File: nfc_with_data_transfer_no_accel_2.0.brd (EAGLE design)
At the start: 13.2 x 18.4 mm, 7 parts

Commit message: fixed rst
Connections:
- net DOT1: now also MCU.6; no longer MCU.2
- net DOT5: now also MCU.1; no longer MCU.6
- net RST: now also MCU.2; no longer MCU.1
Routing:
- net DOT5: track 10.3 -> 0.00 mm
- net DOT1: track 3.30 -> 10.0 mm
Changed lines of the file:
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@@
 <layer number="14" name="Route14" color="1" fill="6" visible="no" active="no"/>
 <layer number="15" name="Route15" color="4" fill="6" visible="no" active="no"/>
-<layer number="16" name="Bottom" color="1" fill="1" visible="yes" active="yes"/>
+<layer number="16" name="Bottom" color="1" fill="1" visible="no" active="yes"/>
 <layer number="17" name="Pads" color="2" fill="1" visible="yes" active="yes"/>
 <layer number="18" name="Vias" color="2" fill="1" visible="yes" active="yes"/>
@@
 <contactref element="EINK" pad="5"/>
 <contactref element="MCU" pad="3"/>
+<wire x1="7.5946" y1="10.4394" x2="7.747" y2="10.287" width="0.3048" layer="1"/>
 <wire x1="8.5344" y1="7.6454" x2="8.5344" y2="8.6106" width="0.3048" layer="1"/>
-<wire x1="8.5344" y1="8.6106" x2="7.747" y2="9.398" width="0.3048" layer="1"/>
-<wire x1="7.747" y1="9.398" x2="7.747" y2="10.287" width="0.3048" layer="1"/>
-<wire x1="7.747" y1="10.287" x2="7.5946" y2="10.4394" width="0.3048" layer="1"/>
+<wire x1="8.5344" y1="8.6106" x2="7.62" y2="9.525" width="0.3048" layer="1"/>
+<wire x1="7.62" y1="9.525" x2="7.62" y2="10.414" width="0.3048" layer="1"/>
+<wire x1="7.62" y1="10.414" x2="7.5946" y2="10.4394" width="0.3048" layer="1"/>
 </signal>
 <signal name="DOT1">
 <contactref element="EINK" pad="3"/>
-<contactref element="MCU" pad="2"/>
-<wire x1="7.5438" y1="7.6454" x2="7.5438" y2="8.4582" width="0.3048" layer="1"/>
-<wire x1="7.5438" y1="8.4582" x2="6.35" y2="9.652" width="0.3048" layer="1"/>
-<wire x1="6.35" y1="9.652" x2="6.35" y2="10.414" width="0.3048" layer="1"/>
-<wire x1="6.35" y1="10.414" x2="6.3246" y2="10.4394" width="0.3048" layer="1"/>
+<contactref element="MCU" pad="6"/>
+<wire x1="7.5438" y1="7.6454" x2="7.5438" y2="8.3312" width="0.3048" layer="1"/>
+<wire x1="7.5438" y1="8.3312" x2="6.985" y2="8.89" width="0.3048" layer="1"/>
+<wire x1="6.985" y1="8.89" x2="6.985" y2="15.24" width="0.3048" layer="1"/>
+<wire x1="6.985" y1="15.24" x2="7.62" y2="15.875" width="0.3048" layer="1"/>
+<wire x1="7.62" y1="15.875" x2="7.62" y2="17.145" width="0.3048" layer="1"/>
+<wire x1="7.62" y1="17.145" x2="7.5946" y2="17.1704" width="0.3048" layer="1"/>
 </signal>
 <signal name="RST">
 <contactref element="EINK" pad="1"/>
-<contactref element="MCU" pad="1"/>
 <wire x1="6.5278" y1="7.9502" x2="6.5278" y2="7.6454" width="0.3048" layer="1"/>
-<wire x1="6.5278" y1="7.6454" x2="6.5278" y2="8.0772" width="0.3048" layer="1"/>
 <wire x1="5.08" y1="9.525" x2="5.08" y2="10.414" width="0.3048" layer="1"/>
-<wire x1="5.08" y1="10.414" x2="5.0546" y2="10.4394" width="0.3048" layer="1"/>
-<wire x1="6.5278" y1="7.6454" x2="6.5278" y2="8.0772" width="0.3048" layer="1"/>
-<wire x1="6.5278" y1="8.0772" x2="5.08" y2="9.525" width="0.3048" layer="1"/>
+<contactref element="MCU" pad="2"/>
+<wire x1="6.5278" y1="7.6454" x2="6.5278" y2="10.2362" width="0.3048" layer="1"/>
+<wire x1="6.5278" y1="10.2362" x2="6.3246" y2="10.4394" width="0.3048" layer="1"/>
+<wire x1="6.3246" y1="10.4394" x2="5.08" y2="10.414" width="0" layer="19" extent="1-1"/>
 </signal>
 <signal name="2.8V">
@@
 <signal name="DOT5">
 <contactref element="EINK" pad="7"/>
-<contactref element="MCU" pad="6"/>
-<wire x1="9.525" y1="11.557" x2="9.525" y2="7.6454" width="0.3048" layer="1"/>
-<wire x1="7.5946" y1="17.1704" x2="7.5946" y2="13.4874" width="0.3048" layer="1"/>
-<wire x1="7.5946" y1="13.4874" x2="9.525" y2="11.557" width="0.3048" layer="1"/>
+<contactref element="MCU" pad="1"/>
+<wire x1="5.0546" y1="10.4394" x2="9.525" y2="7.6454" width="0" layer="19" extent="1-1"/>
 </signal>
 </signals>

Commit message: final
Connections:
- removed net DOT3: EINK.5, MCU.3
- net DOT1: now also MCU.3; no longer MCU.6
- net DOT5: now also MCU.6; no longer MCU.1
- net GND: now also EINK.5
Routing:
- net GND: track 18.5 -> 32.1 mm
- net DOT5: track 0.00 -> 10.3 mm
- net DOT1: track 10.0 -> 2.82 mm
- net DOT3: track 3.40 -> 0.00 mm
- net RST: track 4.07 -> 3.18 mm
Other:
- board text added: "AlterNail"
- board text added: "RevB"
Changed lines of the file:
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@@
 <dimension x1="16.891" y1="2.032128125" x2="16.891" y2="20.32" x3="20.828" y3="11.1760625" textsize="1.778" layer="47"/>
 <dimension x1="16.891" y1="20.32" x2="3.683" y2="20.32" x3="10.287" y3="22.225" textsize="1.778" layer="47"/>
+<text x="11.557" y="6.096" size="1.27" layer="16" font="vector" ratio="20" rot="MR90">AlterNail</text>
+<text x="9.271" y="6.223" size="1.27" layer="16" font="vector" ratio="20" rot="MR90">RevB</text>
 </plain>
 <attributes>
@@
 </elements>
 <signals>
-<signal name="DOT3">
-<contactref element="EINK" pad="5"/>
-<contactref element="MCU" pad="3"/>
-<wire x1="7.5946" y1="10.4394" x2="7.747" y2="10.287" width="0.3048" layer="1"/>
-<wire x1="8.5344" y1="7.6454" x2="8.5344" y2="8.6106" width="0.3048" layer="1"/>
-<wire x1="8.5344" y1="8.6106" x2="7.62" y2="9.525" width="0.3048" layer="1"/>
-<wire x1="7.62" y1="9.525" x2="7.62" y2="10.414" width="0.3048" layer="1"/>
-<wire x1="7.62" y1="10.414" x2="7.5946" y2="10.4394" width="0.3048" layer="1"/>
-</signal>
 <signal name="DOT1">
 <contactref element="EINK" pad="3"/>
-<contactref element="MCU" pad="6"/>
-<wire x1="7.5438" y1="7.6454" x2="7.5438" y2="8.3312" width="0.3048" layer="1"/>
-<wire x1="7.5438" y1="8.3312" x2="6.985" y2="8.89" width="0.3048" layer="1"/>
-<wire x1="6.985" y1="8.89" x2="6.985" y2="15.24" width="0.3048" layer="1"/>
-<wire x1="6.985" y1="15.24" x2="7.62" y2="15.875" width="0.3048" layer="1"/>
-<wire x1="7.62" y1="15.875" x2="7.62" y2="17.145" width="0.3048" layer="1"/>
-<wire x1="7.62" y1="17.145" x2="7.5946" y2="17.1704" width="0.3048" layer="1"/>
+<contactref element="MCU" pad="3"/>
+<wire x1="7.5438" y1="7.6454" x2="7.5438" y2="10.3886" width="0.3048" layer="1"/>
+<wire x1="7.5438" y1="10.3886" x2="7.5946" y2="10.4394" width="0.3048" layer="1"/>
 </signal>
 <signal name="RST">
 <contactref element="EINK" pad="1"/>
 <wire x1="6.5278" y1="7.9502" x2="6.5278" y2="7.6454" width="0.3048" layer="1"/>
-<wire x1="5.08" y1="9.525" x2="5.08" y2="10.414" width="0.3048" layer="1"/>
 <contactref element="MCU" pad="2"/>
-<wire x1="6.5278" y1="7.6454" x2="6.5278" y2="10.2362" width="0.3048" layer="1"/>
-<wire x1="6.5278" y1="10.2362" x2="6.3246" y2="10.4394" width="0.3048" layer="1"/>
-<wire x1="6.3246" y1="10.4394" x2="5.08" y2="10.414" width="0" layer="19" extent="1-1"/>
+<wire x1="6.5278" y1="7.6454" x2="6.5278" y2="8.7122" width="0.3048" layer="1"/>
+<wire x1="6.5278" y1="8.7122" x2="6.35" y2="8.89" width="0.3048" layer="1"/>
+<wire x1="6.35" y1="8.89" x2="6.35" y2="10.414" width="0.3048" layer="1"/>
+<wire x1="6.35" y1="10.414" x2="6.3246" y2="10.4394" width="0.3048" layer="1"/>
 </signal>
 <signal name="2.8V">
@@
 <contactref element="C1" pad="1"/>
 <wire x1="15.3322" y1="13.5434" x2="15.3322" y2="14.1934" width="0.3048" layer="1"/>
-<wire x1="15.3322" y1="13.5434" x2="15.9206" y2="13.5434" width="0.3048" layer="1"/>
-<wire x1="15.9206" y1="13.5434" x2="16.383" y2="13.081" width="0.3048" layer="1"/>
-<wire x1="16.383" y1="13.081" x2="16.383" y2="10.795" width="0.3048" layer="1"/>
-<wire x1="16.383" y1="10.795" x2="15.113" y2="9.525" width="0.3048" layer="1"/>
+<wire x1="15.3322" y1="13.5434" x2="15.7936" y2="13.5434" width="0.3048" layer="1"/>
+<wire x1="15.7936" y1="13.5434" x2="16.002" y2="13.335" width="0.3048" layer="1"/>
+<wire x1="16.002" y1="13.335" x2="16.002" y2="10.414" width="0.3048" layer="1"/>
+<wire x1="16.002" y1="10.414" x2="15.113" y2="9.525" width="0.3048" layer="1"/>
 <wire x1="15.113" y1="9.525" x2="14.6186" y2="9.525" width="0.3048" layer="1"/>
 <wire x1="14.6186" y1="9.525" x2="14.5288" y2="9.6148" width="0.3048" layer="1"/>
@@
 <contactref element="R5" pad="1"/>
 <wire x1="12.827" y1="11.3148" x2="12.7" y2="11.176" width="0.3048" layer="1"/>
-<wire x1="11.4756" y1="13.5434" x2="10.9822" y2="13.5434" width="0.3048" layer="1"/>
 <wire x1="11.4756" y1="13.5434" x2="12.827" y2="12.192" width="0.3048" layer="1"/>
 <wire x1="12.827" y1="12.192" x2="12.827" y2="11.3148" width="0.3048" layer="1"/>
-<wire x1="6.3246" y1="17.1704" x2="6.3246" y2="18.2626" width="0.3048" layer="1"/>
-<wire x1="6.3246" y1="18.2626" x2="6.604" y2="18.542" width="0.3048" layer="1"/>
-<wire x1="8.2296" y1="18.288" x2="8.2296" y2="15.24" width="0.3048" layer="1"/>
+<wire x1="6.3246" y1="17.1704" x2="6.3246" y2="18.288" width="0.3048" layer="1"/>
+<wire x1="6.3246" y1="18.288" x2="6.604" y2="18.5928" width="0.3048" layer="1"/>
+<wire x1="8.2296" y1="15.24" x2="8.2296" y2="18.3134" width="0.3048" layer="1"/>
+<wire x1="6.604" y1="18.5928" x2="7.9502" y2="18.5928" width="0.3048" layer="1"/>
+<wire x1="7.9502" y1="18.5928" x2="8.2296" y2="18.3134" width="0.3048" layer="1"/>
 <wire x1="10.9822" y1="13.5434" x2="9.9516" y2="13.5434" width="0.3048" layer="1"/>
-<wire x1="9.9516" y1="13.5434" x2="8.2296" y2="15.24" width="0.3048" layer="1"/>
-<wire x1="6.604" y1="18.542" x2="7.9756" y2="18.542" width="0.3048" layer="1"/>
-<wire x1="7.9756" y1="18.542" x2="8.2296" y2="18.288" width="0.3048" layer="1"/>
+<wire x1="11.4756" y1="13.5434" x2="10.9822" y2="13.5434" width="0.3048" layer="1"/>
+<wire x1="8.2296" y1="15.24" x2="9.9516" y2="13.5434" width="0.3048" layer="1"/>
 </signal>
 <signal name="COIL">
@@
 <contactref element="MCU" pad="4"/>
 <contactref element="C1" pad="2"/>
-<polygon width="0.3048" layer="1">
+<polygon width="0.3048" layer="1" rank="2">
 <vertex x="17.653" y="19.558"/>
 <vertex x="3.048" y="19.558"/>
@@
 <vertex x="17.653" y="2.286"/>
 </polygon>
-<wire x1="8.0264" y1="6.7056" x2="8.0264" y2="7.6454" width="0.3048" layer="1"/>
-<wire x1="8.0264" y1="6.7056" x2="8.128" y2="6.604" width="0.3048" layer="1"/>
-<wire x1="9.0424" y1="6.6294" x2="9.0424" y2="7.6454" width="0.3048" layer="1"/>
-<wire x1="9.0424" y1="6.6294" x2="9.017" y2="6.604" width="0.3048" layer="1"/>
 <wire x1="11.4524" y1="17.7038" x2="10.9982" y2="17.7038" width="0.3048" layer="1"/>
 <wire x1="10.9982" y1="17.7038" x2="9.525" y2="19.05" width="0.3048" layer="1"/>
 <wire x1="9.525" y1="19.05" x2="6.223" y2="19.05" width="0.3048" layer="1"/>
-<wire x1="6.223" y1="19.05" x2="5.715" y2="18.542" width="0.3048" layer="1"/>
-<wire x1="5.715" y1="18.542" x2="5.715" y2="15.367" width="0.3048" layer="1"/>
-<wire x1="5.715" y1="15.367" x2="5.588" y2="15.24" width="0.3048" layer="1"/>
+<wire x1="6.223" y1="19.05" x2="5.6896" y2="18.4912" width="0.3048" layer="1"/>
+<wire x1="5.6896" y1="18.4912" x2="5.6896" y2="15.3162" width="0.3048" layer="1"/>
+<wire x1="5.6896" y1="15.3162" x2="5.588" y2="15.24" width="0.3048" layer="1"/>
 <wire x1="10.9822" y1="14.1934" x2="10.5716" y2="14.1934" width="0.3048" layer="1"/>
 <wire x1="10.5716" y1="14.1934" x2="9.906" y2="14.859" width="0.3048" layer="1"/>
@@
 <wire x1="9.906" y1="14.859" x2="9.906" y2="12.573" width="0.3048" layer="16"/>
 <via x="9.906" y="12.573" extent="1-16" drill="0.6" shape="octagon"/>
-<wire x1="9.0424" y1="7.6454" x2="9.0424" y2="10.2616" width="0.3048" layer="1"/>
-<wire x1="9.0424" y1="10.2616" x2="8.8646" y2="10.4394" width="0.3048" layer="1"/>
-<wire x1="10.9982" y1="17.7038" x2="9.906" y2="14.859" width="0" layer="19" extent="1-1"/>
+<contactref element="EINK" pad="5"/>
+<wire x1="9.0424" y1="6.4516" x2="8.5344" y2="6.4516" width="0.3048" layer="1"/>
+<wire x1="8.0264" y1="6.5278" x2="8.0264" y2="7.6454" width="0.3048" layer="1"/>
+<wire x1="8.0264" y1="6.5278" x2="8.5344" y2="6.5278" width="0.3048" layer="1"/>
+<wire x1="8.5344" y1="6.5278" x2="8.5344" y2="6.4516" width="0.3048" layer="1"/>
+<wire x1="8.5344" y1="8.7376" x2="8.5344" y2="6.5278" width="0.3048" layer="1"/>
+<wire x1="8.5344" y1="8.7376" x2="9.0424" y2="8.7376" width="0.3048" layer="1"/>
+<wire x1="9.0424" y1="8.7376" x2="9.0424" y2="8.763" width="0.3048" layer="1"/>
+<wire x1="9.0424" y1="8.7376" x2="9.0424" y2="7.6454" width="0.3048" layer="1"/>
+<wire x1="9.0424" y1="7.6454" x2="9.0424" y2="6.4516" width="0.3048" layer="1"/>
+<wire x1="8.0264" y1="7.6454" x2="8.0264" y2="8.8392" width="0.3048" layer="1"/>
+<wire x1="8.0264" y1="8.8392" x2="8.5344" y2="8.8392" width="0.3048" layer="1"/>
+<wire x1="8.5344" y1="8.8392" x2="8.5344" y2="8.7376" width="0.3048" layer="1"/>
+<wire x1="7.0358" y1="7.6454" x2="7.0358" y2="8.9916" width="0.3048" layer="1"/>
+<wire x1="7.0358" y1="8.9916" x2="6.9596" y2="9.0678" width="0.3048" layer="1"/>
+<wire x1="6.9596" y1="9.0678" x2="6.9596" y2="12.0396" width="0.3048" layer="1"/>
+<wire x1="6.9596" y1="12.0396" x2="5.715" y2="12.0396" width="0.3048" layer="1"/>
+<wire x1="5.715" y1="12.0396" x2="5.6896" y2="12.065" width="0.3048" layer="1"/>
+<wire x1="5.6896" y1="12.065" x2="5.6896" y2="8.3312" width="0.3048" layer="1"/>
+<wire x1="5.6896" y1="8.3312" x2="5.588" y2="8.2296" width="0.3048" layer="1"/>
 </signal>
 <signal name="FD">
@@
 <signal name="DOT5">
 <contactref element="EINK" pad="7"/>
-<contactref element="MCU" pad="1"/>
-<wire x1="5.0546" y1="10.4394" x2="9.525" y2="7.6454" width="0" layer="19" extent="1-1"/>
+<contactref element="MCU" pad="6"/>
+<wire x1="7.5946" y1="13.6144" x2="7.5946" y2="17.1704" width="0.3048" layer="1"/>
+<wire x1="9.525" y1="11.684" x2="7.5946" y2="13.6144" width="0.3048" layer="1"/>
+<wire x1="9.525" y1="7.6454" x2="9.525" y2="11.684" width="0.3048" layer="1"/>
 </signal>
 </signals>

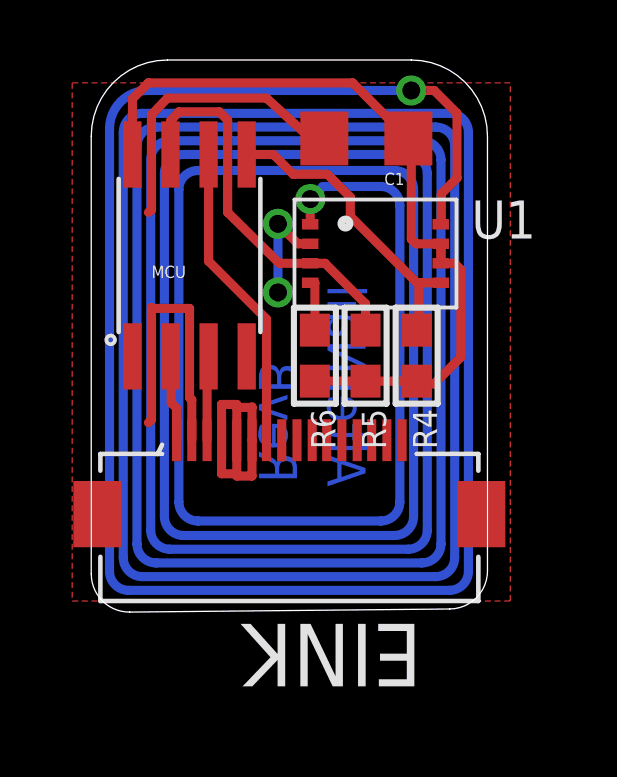
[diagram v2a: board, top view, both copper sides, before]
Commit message: latest without top ground plane
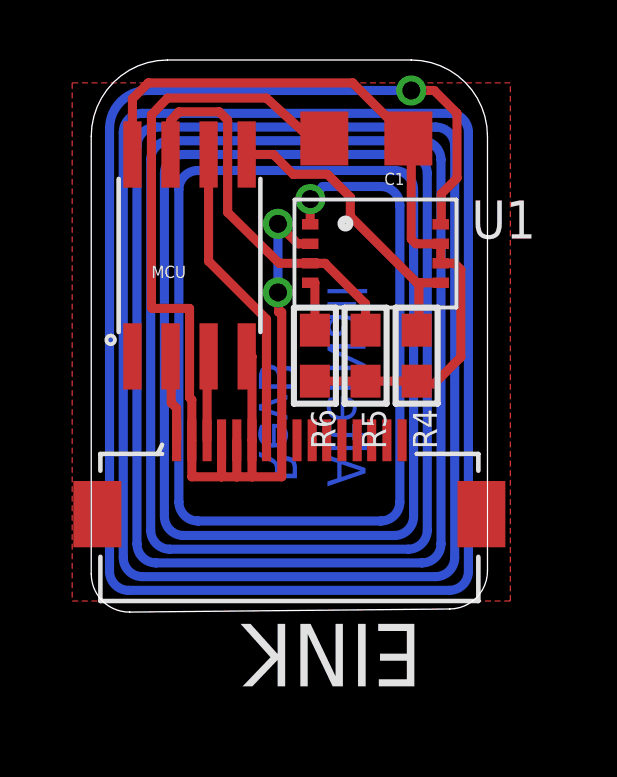
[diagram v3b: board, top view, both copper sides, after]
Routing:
- net GND: track 32.1 -> 39.4 mm

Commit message: Tweaks by Eric to produce first manufactured board
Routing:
- removed copper zone on layer 1, net GND
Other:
- board size 13.2 x 18.4 mm -> 15.2 x 18.1 mm
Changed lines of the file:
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@@
 <?xml version="1.0" encoding="utf-8"?>
 <!DOCTYPE eagle SYSTEM "eagle.dtd">
-<eagle version="7.6.0">
+<eagle version="8.2.1">
 <drawing>
 <settings>
@@
 <setting verticaltext="up"/>
 </settings>
-<grid distance="0.001" unitdist="inch" unit="inch" style="lines" multiple="1" display="yes" altdistance="0.001" altunitdist="inch" altunit="inch"/>
+<grid distance="0.001" unitdist="inch" unit="mil" style="lines" multiple="1" display="yes" altdistance="0.001" altunitdist="inch" altunit="inch"/>
 <layers>
 <layer number="1" name="Top" color="4" fill="1" visible="yes" active="yes"/>
@@
 <layer number="15" name="Route15" color="4" fill="6" visible="no" active="no"/>
 <layer number="16" name="Bottom" color="1" fill="1" visible="yes" active="yes"/>
-<layer number="17" name="Pads" color="2" fill="1" visible="no" active="yes"/>
+<layer number="17" name="Pads" color="2" fill="1" visible="yes" active="yes"/>
 <layer number="18" name="Vias" color="2" fill="1" visible="yes" active="yes"/>
 <layer number="19" name="Unrouted" color="6" fill="1" visible="yes" active="yes"/>
 <layer number="20" name="Dimension" color="15" fill="1" visible="yes" active="yes"/>
-<layer number="21" name="tPlace" color="7" fill="1" visible="yes" active="yes"/>
+<layer number="21" name="tPlace" color="7" fill="1" visible="no" active="yes"/>
 <layer number="22" name="bPlace" color="7" fill="1" visible="no" active="yes"/>
 <layer number="23" name="tOrigins" color="15" fill="1" visible="no" active="yes"/>
 <layer number="24" name="bOrigins" color="15" fill="1" visible="no" active="yes"/>
 <layer number="25" name="tNames" color="7" fill="1" visible="no" active="yes"/>
-<layer number="26" name="bNames" color="7" fill="1" visible="no" active="yes"/>
+<layer number="26" name="bNames" color="7" fill="1" visible="yes" active="yes"/>
 <layer number="27" name="tValues" color="7" fill="1" visible="no" active="yes"/>
 <layer number="28" name="bValues" color="7" fill="1" visible="no" active="yes"/>
@@
 <layer number="131" name="tAdjust" color="7" fill="1" visible="no" active="yes"/>
 <layer number="132" name="bAdjust" color="7" fill="1" visible="no" active="yes"/>
-<layer number="144" name="Drill_legend" color="7" fill="1" visible="no" active="yes"/>
+<layer number="144" name="Drill_legend" color="7" fill="1" visible="yes" active="yes"/>
 <layer number="150" name="Notes" color="7" fill="1" visible="no" active="yes"/>
 <layer number="151" name="HeatSink" color="7" fill="1" visible="no" active="yes"/>
@@
 <board>
 <plain>
-<wire x1="3.683" y1="17.78" x2="3.683" y2="3.18728125" width="0" layer="20"/>
-<wire x1="3.683" y1="3.18728125" x2="4.965221875" y2="1.917340625" width="0" layer="20" curve="90.551396"/>
-<wire x1="4.965221875" y1="1.917340625" x2="15.633221875" y2="2.020021875" width="0" layer="20"/>
-<wire x1="15.633221875" y1="2.020021875" x2="16.891" y2="3.2899625" width="0" layer="20" curve="89.455027"/>
-<wire x1="16.891" y1="3.2899625" x2="16.891" y2="17.78" width="0" layer="20"/>
-<wire x1="16.891" y1="17.78" x2="14.351" y2="20.32" width="0" layer="20" curve="90"/>
-<wire x1="14.351" y1="20.32" x2="6.223" y2="20.32" width="0" layer="20"/>
-<wire x1="6.223" y1="20.32" x2="3.683" y2="17.78" width="0" layer="20" curve="90"/>
 <dimension x1="16.891" y1="2.032128125" x2="16.891" y2="20.32" x3="20.828" y3="11.1760625" textsize="1.778" layer="47"/>
 <dimension x1="16.891" y1="20.32" x2="3.683" y2="20.32" x3="10.287" y3="22.225" textsize="1.778" layer="47"/>
-<text x="11.557" y="6.096" size="1.27" layer="16" font="vector" ratio="20" rot="MR90">AlterNail</text>
-<text x="9.271" y="6.223" size="1.27" layer="16" font="vector" ratio="20" rot="MR90">RevB</text>
+<text x="11.5316" y="6.096" size="1.27" layer="26" font="vector" ratio="20" rot="MR90">AlterNail</text>
+<text x="9.271" y="6.223" size="1.27" layer="26" font="vector" ratio="20" rot="MR90">RevB</text>
+<wire x1="2.7686" y1="2.159" x2="2.7686" y2="19.9136" width="0.254" layer="20"/>
+<wire x1="2.7686" y1="19.9136" x2="2.8448" y2="19.9898" width="0.254" layer="20"/>
+<wire x1="2.8448" y1="20.0914" x2="17.907" y2="20.0914" width="0.254" layer="20"/>
+<wire x1="17.907" y1="20.0914" x2="17.9578" y2="20.0406" width="0.254" layer="20"/>
+<wire x1="17.9578" y1="20.0406" x2="17.9578" y2="2.032" width="0.254" layer="20"/>
+<wire x1="17.9578" y1="2.032" x2="17.9324" y2="2.0066" width="0.254" layer="20"/>
+<wire x1="17.9324" y1="2.0066" x2="2.8448" y2="2.0066" width="0.254" layer="20"/>
+<wire x1="2.8448" y1="2.0066" x2="2.8194" y2="2.032" width="0.254" layer="20"/>
 </plain>
 <attributes>
@@
 <elements>
 <element name="EINK" library="Molex_By_element14_Batch_1" package="MOLEX_52892-1695" value="52892-1695" x="10.287" y="10.541" rot="R180">
+<attribute name="MPN" value="52892-1695" x="10.287" y="10.541" size="1.778" layer="27" rot="R180" display="off"/>
+<attribute name="OC_FARNELL" value="1556807" x="10.287" y="10.541" size="1.778" layer="27" rot="R180" display="off"/>
+<attribute name="OC_NEWARK" value="92M6601" x="10.287" y="10.541" size="1.778" layer="27" rot="R180" display="off"/>
 <attribute name="PACKAGE" value="CONNECTOR, FPC, ZIF, 0.50MM, 16 WAY" x="10.287" y="10.541" size="1.778" layer="27" rot="R180" display="off"/>
-<attribute name="MPN" value="52892-1695" x="10.287" y="10.541" size="1.778" layer="27" rot="R180" display="off"/>
-<attribute name="OC_NEWARK" value="92M6601" x="10.287" y="10.541" size="1.778" layer="27" rot="R180" display="off"/>
-<attribute name="OC_FARNELL" value="1556807" x="10.287" y="10.541" size="1.778" layer="27" rot="R180" display="off"/>
 <attribute name="SUPPLIER" value="Molex" x="10.287" y="10.541" size="1.778" layer="27" rot="R180" display="off"/>
 </element>
@@
 <contactref element="MCU" pad="4"/>
 <contactref element="C1" pad="2"/>
-<polygon width="0.3048" layer="1" rank="2">
-<vertex x="17.653" y="19.558"/>
-<vertex x="3.048" y="19.558"/>
-<vertex x="3.048" y="2.286"/>
-<vertex x="17.653" y="2.286"/>
-</polygon>
 <wire x1="11.4524" y1="17.7038" x2="10.9982" y2="17.7038" width="0.3048" layer="1"/>
 <wire x1="10.9982" y1="17.7038" x2="9.525" y2="19.05" width="0.3048" layer="1"/>

* [THE PROBLEM]: Which lines in the records above hold the string "ratio"? Copy each of them.

* [WRITTEN REPLY]:
+<text x="11.557" y="6.096" size="1.27" layer="16" font="vector" ratio="20" rot="MR90">AlterNail</text>
+<text x="9.271" y="6.223" size="1.27" layer="16" font="vector" ratio="20" rot="MR90">RevB</text>
-<text x="11.557" y="6.096" size="1.27" layer="16" font="vector" ratio="20" rot="MR90">AlterNail</text>
-<text x="9.271" y="6.223" size="1.27" layer="16" font="vector" ratio="20" rot="MR90">RevB</text>
+<text x="11.5316" y="6.096" size="1.27" layer="26" font="vector" ratio="20" rot="MR90">AlterNail</text>
+<text x="9.271" y="6.223" size="1.27" layer="26" font="vector" ratio="20" rot="MR90">RevB</text>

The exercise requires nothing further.